- [Work task]: Write out, word for word, every line in the data below from the one containing "#9253 = LINE ( 'NONE', #2330, #20522 ) ;" to the one containing "#20706 = LINE ( 'NONE', #27122, #7995 ) ;", both of them included.

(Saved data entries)
* * *

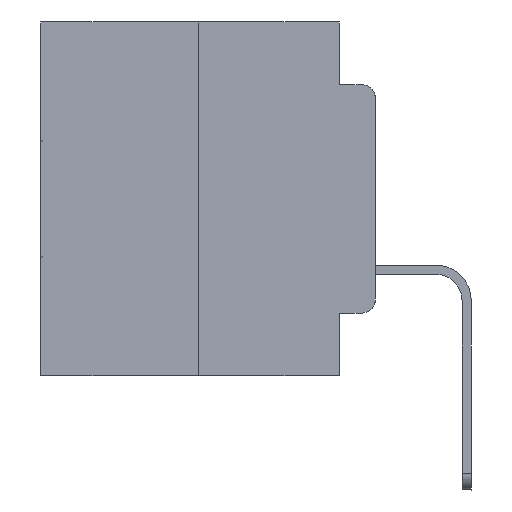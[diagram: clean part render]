
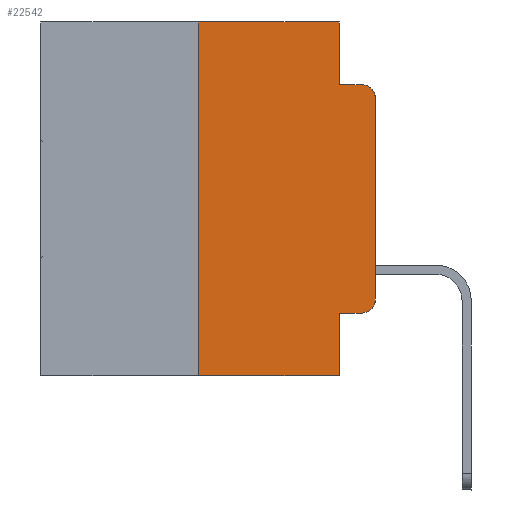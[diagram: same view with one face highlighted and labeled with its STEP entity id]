
A CAD part, left-side view. The second image highlights one B-rep face of the part: STEP entity #22542.
In plain terms, the highlighted planar face has unit normal (-1, 0, 0).
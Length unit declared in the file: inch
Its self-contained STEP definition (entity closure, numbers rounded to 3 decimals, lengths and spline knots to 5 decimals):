
#34 = CARTESIAN_POINT ( 'NONE',  ( 0., 0.051, 0. ) ) ;
#261 = DIRECTION ( 'NONE',  ( 0., -1., 0. ) ) ;
#511 = EDGE_CURVE ( 'NONE', #23771, #2370, #22416, .T. ) ;
#725 = LINE ( 'NONE', #23366, #10570 ) ;
#985 = EDGE_CURVE ( 'NONE', #13492, #29169, #4420, .T. ) ;
#1567 = CARTESIAN_POINT ( 'NONE',  ( 0., 0.02, -0.3915 ) ) ;
#2018 = CARTESIAN_POINT ( 'NONE',  ( 0., 0.473, -0.5 ) ) ;
#2330 = CARTESIAN_POINT ( 'NONE',  ( 0., 0.051, -0.4115 ) ) ;
#2370 = VERTEX_POINT ( 'NONE', #11822 ) ;
#2751 = VECTOR ( 'NONE', #6336, 39.37008 ) ;
#3073 = EDGE_CURVE ( 'NONE', #5103, #20599, #9253, .T. ) ;
#3208 = AXIS2_PLACEMENT_3D ( 'NONE', #1567, #23907, #12988 ) ;
#3575 = ORIENTED_EDGE ( 'NONE', *, *, #7134, .F. ) ;
#3783 = DIRECTION ( 'NONE',  ( 0., 0., -1. ) ) ;
#3886 = EDGE_CURVE ( 'NONE', #9609, #23771, #725, .T. ) ;
#4103 = DIRECTION ( 'NONE',  ( 0., -1., 0. ) ) ;
#4356 = CARTESIAN_POINT ( 'NONE',  ( 0., 0.051, -0.5 ) ) ;
#4420 = LINE ( 'NONE', #19072, #12122 ) ;
#4511 = CARTESIAN_POINT ( 'NONE',  ( 0., 0.051, -0.0885 ) ) ;
#5103 = VERTEX_POINT ( 'NONE', #24358 ) ;
#5762 = CIRCLE ( 'NONE', #3208, 0.02 ) ;
#6336 = DIRECTION ( 'NONE',  ( 0., 0., -1. ) ) ;
#6870 = EDGE_CURVE ( 'NONE', #9460, #23450, #10073, .T. ) ;
#7048 = DIRECTION ( 'NONE',  ( 0., 0., 1. ) ) ;
#7134 = EDGE_CURVE ( 'NONE', #2370, #18651, #27338, .T. ) ;
#7170 = DIRECTION ( 'NONE',  ( 1., 0., 0. ) ) ;
#7229 = CARTESIAN_POINT ( 'NONE',  ( 0., 0.25, 0. ) ) ;
#7815 = CARTESIAN_POINT ( 'NONE',  ( 0., 0., -0.1085 ) ) ;
#7995 = VECTOR ( 'NONE', #7048, 39.37008 ) ;
#8798 = ORIENTED_EDGE ( 'NONE', *, *, #985, .T. ) ;
#9253 = LINE ( 'NONE', #2330, #20522 ) ;
#9392 = VECTOR ( 'NONE', #4103, 39.37008 ) ;
#9460 = VERTEX_POINT ( 'NONE', #21901 ) ;
#9609 = VERTEX_POINT ( 'NONE', #7229 ) ;
#9649 = CIRCLE ( 'NONE', #27522, 0.02 ) ;
#10073 = LINE ( 'NONE', #2018, #9392 ) ;
#10369 = EDGE_CURVE ( 'NONE', #29169, #18651, #9649, .T. ) ;
#10570 = VECTOR ( 'NONE', #20811, 39.37008 ) ;
#11822 = CARTESIAN_POINT ( 'NONE',  ( 0., 0.051, -0.0885 ) ) ;
#12122 = VECTOR ( 'NONE', #12346, 39.37008 ) ;
#12346 = DIRECTION ( 'NONE',  ( 0., 0., 1. ) ) ;
#12490 = CARTESIAN_POINT ( 'NONE',  ( 0., 0.051, 0. ) ) ;
#12988 = DIRECTION ( 'NONE',  ( 0., 0., -1. ) ) ;
#13492 = VERTEX_POINT ( 'NONE', #23519 ) ;
#13695 = ORIENTED_EDGE ( 'NONE', *, *, #24469, .F. ) ;
#14424 = EDGE_CURVE ( 'NONE', #9460, #9609, #20706, .T. ) ;
#14995 = VECTOR ( 'NONE', #3783, 39.37008 ) ;
#18054 = ORIENTED_EDGE ( 'NONE', *, *, #10369, .T. ) ;
#18337 = ORIENTED_EDGE ( 'NONE', *, *, #14424, .F. ) ;
#18412 = CARTESIAN_POINT ( 'NONE',  ( 0., 0.473, 0. ) ) ;
#18651 = VERTEX_POINT ( 'NONE', #22219 ) ;
#19072 = CARTESIAN_POINT ( 'NONE',  ( 0., 0., 0. ) ) ;
#19190 = ORIENTED_EDGE ( 'NONE', *, *, #3886, .F. ) ;
#19449 = CARTESIAN_POINT ( 'NONE',  ( 0., 0.051, 0. ) ) ;
#19858 = EDGE_CURVE ( 'NONE', #20599, #13492, #5762, .T. ) ;
#19971 = DIRECTION ( 'NONE',  ( 0., 0., -1. ) ) ;
#20522 = VECTOR ( 'NONE', #29184, 39.37008 ) ;
#20599 = VERTEX_POINT ( 'NONE', #26730 ) ;
#20706 = LINE ( 'NONE', #27122, #7995 ) ;
#20811 = DIRECTION ( 'NONE',  ( 0., -1., 0. ) ) ;
#21696 = ORIENTED_EDGE ( 'NONE', *, *, #6870, .T. ) ;
#21901 = CARTESIAN_POINT ( 'NONE',  ( 0., 0.25, -0.5 ) ) ;
#21924 = AXIS2_PLACEMENT_3D ( 'NONE', #18412, #7170, #25172 ) ;
#22219 = CARTESIAN_POINT ( 'NONE',  ( 0., 0.02, -0.0885 ) ) ;
#22416 = LINE ( 'NONE', #19449, #14995 ) ;
#22542 = ADVANCED_FACE ( 'NONE', ( #23249 ), #27530, .F. ) ;
#22841 = LINE ( 'NONE', #34, #2751 ) ;
#23116 = ORIENTED_EDGE ( 'NONE', *, *, #511, .F. ) ;
#23249 = FACE_OUTER_BOUND ( 'NONE', #26785, .T. ) ;
#23366 = CARTESIAN_POINT ( 'NONE',  ( 0., 0.473, 0. ) ) ;
#23450 = VERTEX_POINT ( 'NONE', #4356 ) ;
#23519 = CARTESIAN_POINT ( 'NONE',  ( 0., 0., -0.3915 ) ) ;
#23771 = VERTEX_POINT ( 'NONE', #12490 ) ;
#23907 = DIRECTION ( 'NONE',  ( -1., 0., 0. ) ) ;
#24358 = CARTESIAN_POINT ( 'NONE',  ( 0., 0.051, -0.4115 ) ) ;
#24469 = EDGE_CURVE ( 'NONE', #5103, #23450, #22841, .T. ) ;
#25172 = DIRECTION ( 'NONE',  ( 0., 0., -1. ) ) ;
#25541 = ORIENTED_EDGE ( 'NONE', *, *, #19858, .T. ) ;
#25732 = ORIENTED_EDGE ( 'NONE', *, *, #3073, .T. ) ;
#26645 = CARTESIAN_POINT ( 'NONE',  ( 0., 0.02, -0.1085 ) ) ;
#26730 = CARTESIAN_POINT ( 'NONE',  ( 0., 0.02, -0.4115 ) ) ;
#26785 = EDGE_LOOP ( 'NONE', ( #8798, #18054, #3575, #23116, #19190, #18337, #21696, #13695, #25732, #25541 ) ) ;
#27122 = CARTESIAN_POINT ( 'NONE',  ( 0., 0.25, 0. ) ) ;
#27338 = LINE ( 'NONE', #4511, #28035 ) ;
#27522 = AXIS2_PLACEMENT_3D ( 'NONE', #26645, #28922, #19971 ) ;
#27530 = PLANE ( 'NONE',  #21924 ) ;
#28035 = VECTOR ( 'NONE', #261, 39.37008 ) ;
#28922 = DIRECTION ( 'NONE',  ( -1., 0., 0. ) ) ;
#29169 = VERTEX_POINT ( 'NONE', #7815 ) ;
#29184 = DIRECTION ( 'NONE',  ( 0., -1., 0. ) ) ;

* * *

- [Exercise result]:
#9253 = LINE ( 'NONE', #2330, #20522 ) ;
#9392 = VECTOR ( 'NONE', #4103, 39.37008 ) ;
#9460 = VERTEX_POINT ( 'NONE', #21901 ) ;
#9609 = VERTEX_POINT ( 'NONE', #7229 ) ;
#9649 = CIRCLE ( 'NONE', #27522, 0.02 ) ;
#10073 = LINE ( 'NONE', #2018, #9392 ) ;
#10369 = EDGE_CURVE ( 'NONE', #29169, #18651, #9649, .T. ) ;
#10570 = VECTOR ( 'NONE', #20811, 39.37008 ) ;
#11822 = CARTESIAN_POINT ( 'NONE',  ( 0., 0.051, -0.0885 ) ) ;
#12122 = VECTOR ( 'NONE', #12346, 39.37008 ) ;
#12346 = DIRECTION ( 'NONE',  ( 0., 0., 1. ) ) ;
#12490 = CARTESIAN_POINT ( 'NONE',  ( 0., 0.051, 0. ) ) ;
#12988 = DIRECTION ( 'NONE',  ( 0., 0., -1. ) ) ;
#13492 = VERTEX_POINT ( 'NONE', #23519 ) ;
#13695 = ORIENTED_EDGE ( 'NONE', *, *, #24469, .F. ) ;
#14424 = EDGE_CURVE ( 'NONE', #9460, #9609, #20706, .T. ) ;
#14995 = VECTOR ( 'NONE', #3783, 39.37008 ) ;
#18054 = ORIENTED_EDGE ( 'NONE', *, *, #10369, .T. ) ;
#18337 = ORIENTED_EDGE ( 'NONE', *, *, #14424, .F. ) ;
#18412 = CARTESIAN_POINT ( 'NONE',  ( 0., 0.473, 0. ) ) ;
#18651 = VERTEX_POINT ( 'NONE', #22219 ) ;
#19072 = CARTESIAN_POINT ( 'NONE',  ( 0., 0., 0. ) ) ;
#19190 = ORIENTED_EDGE ( 'NONE', *, *, #3886, .F. ) ;
#19449 = CARTESIAN_POINT ( 'NONE',  ( 0., 0.051, 0. ) ) ;
#19858 = EDGE_CURVE ( 'NONE', #20599, #13492, #5762, .T. ) ;
#19971 = DIRECTION ( 'NONE',  ( 0., 0., -1. ) ) ;
#20522 = VECTOR ( 'NONE', #29184, 39.37008 ) ;
#20599 = VERTEX_POINT ( 'NONE', #26730 ) ;
#20706 = LINE ( 'NONE', #27122, #7995 ) ;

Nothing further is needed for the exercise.